"""

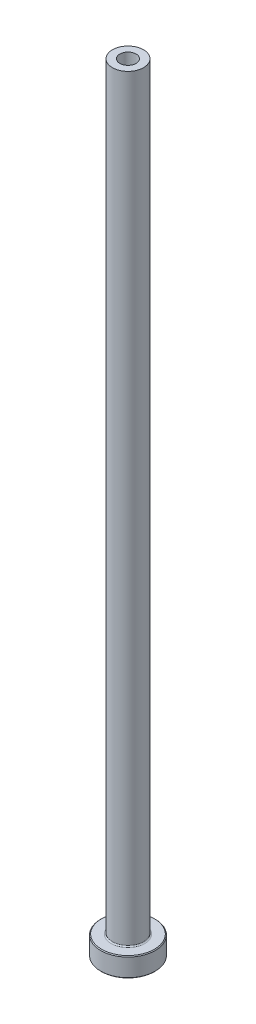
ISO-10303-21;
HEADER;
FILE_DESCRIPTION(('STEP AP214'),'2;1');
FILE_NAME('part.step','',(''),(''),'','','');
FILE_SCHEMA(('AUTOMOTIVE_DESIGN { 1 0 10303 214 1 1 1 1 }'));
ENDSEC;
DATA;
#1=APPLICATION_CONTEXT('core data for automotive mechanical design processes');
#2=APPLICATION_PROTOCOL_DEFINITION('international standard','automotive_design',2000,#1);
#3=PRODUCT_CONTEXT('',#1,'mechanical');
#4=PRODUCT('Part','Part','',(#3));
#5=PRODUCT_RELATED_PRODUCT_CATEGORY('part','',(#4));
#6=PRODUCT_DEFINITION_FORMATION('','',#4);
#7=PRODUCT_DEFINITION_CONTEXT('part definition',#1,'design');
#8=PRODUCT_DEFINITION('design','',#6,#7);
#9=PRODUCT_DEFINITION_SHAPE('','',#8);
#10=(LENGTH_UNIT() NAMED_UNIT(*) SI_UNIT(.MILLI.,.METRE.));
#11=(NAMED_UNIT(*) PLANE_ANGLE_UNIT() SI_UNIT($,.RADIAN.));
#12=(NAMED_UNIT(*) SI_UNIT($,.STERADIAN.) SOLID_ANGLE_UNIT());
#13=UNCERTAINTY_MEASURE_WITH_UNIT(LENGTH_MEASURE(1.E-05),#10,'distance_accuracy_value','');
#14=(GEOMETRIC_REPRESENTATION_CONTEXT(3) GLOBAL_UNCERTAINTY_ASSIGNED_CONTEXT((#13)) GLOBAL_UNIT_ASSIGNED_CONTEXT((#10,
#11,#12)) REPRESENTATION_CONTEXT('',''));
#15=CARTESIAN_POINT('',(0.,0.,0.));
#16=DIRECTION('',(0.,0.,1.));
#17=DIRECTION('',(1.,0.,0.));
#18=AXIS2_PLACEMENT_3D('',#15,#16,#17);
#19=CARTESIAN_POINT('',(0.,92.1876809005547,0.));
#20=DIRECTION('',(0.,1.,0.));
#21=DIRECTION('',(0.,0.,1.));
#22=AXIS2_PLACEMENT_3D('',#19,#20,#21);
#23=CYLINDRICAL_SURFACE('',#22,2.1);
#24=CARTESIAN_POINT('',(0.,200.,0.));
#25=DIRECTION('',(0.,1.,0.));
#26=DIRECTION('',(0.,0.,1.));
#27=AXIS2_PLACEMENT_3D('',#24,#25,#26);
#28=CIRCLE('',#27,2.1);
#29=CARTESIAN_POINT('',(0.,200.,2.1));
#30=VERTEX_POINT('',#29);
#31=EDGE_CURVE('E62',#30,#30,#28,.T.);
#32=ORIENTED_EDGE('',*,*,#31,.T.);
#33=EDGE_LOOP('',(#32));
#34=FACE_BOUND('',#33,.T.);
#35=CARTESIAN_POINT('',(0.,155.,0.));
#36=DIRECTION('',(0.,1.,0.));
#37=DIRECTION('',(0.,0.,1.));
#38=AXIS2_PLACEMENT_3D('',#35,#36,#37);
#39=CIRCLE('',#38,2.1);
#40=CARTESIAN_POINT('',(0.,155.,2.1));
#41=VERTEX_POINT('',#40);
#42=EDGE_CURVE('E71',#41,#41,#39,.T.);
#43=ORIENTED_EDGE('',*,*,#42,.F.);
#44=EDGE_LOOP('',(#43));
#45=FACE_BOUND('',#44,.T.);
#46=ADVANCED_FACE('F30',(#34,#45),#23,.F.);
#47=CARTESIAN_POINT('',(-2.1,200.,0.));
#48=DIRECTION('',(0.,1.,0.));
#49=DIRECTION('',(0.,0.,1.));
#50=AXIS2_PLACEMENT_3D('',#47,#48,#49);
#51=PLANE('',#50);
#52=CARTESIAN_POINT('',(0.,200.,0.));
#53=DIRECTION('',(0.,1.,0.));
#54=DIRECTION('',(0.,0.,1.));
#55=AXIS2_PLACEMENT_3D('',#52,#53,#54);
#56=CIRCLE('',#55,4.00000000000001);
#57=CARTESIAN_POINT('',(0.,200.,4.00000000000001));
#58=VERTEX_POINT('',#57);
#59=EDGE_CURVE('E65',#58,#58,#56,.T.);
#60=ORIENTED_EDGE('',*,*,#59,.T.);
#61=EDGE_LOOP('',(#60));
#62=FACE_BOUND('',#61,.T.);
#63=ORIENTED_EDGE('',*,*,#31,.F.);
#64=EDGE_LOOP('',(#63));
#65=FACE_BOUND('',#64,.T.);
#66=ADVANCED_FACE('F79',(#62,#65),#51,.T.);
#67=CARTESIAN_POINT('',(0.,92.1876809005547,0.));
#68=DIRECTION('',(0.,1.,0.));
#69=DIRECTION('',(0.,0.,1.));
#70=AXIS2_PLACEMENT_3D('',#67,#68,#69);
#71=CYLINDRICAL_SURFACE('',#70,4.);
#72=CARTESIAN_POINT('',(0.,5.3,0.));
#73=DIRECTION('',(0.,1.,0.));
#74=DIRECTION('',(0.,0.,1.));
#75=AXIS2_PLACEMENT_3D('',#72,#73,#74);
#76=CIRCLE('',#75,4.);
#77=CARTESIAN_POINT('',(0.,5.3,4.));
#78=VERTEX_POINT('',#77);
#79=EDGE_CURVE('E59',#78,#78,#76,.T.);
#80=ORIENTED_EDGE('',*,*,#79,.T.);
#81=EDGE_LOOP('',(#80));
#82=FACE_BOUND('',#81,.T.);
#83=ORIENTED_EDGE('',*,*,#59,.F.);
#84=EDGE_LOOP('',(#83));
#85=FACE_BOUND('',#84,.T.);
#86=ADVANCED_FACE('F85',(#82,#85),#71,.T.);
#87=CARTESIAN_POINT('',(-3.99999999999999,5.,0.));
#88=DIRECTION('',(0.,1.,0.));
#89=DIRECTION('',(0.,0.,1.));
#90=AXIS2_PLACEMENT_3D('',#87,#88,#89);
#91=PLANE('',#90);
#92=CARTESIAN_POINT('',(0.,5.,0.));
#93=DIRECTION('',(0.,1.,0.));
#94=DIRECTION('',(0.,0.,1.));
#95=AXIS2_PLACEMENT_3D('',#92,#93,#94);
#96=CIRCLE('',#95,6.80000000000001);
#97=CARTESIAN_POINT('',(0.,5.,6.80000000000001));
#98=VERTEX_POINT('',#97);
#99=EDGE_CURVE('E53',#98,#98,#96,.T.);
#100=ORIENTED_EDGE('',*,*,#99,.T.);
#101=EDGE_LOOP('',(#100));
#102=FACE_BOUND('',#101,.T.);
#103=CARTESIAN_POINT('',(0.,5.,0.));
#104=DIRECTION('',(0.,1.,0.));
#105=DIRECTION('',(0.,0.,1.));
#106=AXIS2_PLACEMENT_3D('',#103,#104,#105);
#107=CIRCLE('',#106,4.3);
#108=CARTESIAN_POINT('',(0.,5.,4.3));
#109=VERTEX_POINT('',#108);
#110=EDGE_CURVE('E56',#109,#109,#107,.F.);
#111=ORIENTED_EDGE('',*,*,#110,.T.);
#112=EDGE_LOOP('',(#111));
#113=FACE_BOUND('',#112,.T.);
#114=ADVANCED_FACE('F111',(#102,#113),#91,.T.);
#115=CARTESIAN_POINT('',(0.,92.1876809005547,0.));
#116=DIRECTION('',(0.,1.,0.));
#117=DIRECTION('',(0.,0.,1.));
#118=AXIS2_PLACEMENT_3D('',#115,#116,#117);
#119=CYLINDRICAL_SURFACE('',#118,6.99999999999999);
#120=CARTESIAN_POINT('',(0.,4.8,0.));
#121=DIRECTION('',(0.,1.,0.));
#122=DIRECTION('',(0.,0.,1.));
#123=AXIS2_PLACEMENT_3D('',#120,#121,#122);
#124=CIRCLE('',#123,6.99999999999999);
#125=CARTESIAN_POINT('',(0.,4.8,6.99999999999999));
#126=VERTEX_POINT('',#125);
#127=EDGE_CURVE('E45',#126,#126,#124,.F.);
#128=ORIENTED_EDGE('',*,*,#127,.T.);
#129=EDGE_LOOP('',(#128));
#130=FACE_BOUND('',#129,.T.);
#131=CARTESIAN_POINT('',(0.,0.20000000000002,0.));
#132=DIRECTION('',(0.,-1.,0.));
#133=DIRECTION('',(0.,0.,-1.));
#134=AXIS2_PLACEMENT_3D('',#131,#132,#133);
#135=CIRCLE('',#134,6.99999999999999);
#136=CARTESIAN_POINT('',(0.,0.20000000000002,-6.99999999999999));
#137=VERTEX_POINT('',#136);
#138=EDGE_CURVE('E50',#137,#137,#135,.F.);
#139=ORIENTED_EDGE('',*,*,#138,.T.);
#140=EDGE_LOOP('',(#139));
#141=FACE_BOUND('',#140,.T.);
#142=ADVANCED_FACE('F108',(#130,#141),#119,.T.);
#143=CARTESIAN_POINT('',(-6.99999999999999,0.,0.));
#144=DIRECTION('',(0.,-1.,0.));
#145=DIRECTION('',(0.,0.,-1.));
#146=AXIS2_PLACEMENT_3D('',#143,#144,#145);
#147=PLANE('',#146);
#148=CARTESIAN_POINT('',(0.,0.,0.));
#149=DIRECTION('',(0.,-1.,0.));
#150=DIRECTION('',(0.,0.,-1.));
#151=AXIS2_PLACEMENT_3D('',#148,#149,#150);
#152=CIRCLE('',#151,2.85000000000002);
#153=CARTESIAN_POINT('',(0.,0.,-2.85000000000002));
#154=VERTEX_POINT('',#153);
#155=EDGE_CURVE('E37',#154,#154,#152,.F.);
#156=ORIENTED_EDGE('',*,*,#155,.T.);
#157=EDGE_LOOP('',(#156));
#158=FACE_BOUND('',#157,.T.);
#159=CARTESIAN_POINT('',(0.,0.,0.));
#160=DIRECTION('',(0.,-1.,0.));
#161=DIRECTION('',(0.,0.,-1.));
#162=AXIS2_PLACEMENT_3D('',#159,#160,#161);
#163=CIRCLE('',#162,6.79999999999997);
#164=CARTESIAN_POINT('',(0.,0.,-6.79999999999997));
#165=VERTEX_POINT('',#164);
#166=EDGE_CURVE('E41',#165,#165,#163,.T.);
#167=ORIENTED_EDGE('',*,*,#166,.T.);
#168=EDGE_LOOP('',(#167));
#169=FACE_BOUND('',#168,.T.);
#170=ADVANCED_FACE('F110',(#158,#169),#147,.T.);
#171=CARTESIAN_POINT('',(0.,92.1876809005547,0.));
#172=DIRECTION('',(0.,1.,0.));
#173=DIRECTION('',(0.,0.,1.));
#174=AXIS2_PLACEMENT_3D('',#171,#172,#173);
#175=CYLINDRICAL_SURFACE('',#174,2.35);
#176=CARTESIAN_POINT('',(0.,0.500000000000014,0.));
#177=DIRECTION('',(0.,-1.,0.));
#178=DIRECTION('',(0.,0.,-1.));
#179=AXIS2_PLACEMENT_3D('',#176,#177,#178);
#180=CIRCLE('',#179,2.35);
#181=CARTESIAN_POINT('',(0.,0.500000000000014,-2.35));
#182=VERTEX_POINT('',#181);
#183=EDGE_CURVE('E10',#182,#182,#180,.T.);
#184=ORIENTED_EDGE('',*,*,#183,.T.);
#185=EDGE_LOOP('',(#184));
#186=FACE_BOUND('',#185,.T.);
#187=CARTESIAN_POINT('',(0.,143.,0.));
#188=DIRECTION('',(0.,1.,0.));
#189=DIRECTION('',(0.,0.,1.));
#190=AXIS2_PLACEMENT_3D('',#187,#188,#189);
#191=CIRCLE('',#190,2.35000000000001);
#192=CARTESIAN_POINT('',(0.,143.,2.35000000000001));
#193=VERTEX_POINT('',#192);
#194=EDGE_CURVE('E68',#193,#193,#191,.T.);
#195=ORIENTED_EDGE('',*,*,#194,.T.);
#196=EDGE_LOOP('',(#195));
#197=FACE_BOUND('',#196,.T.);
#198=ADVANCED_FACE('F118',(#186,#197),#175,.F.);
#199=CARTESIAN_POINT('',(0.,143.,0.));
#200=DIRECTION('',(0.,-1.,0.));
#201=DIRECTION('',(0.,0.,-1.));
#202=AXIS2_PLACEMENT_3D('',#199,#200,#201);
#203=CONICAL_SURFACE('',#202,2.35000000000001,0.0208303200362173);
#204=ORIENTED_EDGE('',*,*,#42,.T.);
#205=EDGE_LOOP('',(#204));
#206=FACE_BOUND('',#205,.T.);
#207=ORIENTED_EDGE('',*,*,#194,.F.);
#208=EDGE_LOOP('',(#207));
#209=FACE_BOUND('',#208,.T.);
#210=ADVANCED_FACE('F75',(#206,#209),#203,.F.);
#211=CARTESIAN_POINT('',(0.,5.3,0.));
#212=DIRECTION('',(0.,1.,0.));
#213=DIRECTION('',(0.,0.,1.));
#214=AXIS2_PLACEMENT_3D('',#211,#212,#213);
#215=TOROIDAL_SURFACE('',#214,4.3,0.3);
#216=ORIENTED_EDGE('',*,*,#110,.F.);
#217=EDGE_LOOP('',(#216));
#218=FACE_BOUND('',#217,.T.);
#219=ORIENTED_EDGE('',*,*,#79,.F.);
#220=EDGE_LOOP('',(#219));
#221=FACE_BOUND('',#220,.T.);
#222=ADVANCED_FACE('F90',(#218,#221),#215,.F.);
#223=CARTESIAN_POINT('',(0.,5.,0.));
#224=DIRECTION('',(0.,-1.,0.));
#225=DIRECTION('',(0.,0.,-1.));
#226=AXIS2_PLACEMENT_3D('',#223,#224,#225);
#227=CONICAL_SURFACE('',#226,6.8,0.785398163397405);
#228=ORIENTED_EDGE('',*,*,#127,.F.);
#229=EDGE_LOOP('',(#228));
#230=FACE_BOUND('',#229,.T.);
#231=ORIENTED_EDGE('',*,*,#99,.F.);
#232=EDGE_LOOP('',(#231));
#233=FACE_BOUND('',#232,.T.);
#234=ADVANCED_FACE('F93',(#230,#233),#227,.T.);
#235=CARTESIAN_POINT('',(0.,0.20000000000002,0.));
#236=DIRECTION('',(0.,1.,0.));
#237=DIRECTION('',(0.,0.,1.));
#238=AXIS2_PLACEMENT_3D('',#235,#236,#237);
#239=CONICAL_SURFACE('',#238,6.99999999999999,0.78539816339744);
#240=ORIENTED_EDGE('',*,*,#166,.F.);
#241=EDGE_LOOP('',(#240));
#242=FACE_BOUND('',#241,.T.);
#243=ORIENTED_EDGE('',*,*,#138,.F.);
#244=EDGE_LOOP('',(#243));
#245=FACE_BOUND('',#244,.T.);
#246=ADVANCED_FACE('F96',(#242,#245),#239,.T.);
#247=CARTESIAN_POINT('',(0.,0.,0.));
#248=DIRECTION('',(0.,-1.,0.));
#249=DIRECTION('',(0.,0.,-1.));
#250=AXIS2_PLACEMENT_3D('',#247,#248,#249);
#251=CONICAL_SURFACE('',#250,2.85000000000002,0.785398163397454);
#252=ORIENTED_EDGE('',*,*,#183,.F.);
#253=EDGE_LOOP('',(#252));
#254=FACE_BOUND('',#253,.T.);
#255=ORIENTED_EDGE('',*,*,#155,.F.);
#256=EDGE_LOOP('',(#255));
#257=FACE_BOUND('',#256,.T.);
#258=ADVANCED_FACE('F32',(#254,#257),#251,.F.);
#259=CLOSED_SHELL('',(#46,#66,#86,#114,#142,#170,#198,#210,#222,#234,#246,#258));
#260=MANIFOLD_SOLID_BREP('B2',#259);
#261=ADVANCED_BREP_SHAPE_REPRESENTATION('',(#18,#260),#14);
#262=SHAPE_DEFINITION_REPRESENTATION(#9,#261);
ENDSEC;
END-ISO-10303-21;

"""

■ What is required
In the records above, take every line from the opening one through the line with "#12=(NAMED_UNIT(*) SI_UNIT($,.STERADIAN.) SOLID_ANGLE_UNIT());" and repeat it exactly; pictures are not part of the copy.

■ Answer section
ISO-10303-21;
HEADER;
FILE_DESCRIPTION(('STEP AP214'),'2;1');
FILE_NAME('part.step','',(''),(''),'','','');
FILE_SCHEMA(('AUTOMOTIVE_DESIGN { 1 0 10303 214 1 1 1 1 }'));
ENDSEC;
DATA;
#1=APPLICATION_CONTEXT('core data for automotive mechanical design processes');
#2=APPLICATION_PROTOCOL_DEFINITION('international standard','automotive_design',2000,#1);
#3=PRODUCT_CONTEXT('',#1,'mechanical');
#4=PRODUCT('Part','Part','',(#3));
#5=PRODUCT_RELATED_PRODUCT_CATEGORY('part','',(#4));
#6=PRODUCT_DEFINITION_FORMATION('','',#4);
#7=PRODUCT_DEFINITION_CONTEXT('part definition',#1,'design');
#8=PRODUCT_DEFINITION('design','',#6,#7);
#9=PRODUCT_DEFINITION_SHAPE('','',#8);
#10=(LENGTH_UNIT() NAMED_UNIT(*) SI_UNIT(.MILLI.,.METRE.));
#11=(NAMED_UNIT(*) PLANE_ANGLE_UNIT() SI_UNIT($,.RADIAN.));
#12=(NAMED_UNIT(*) SI_UNIT($,.STERADIAN.) SOLID_ANGLE_UNIT());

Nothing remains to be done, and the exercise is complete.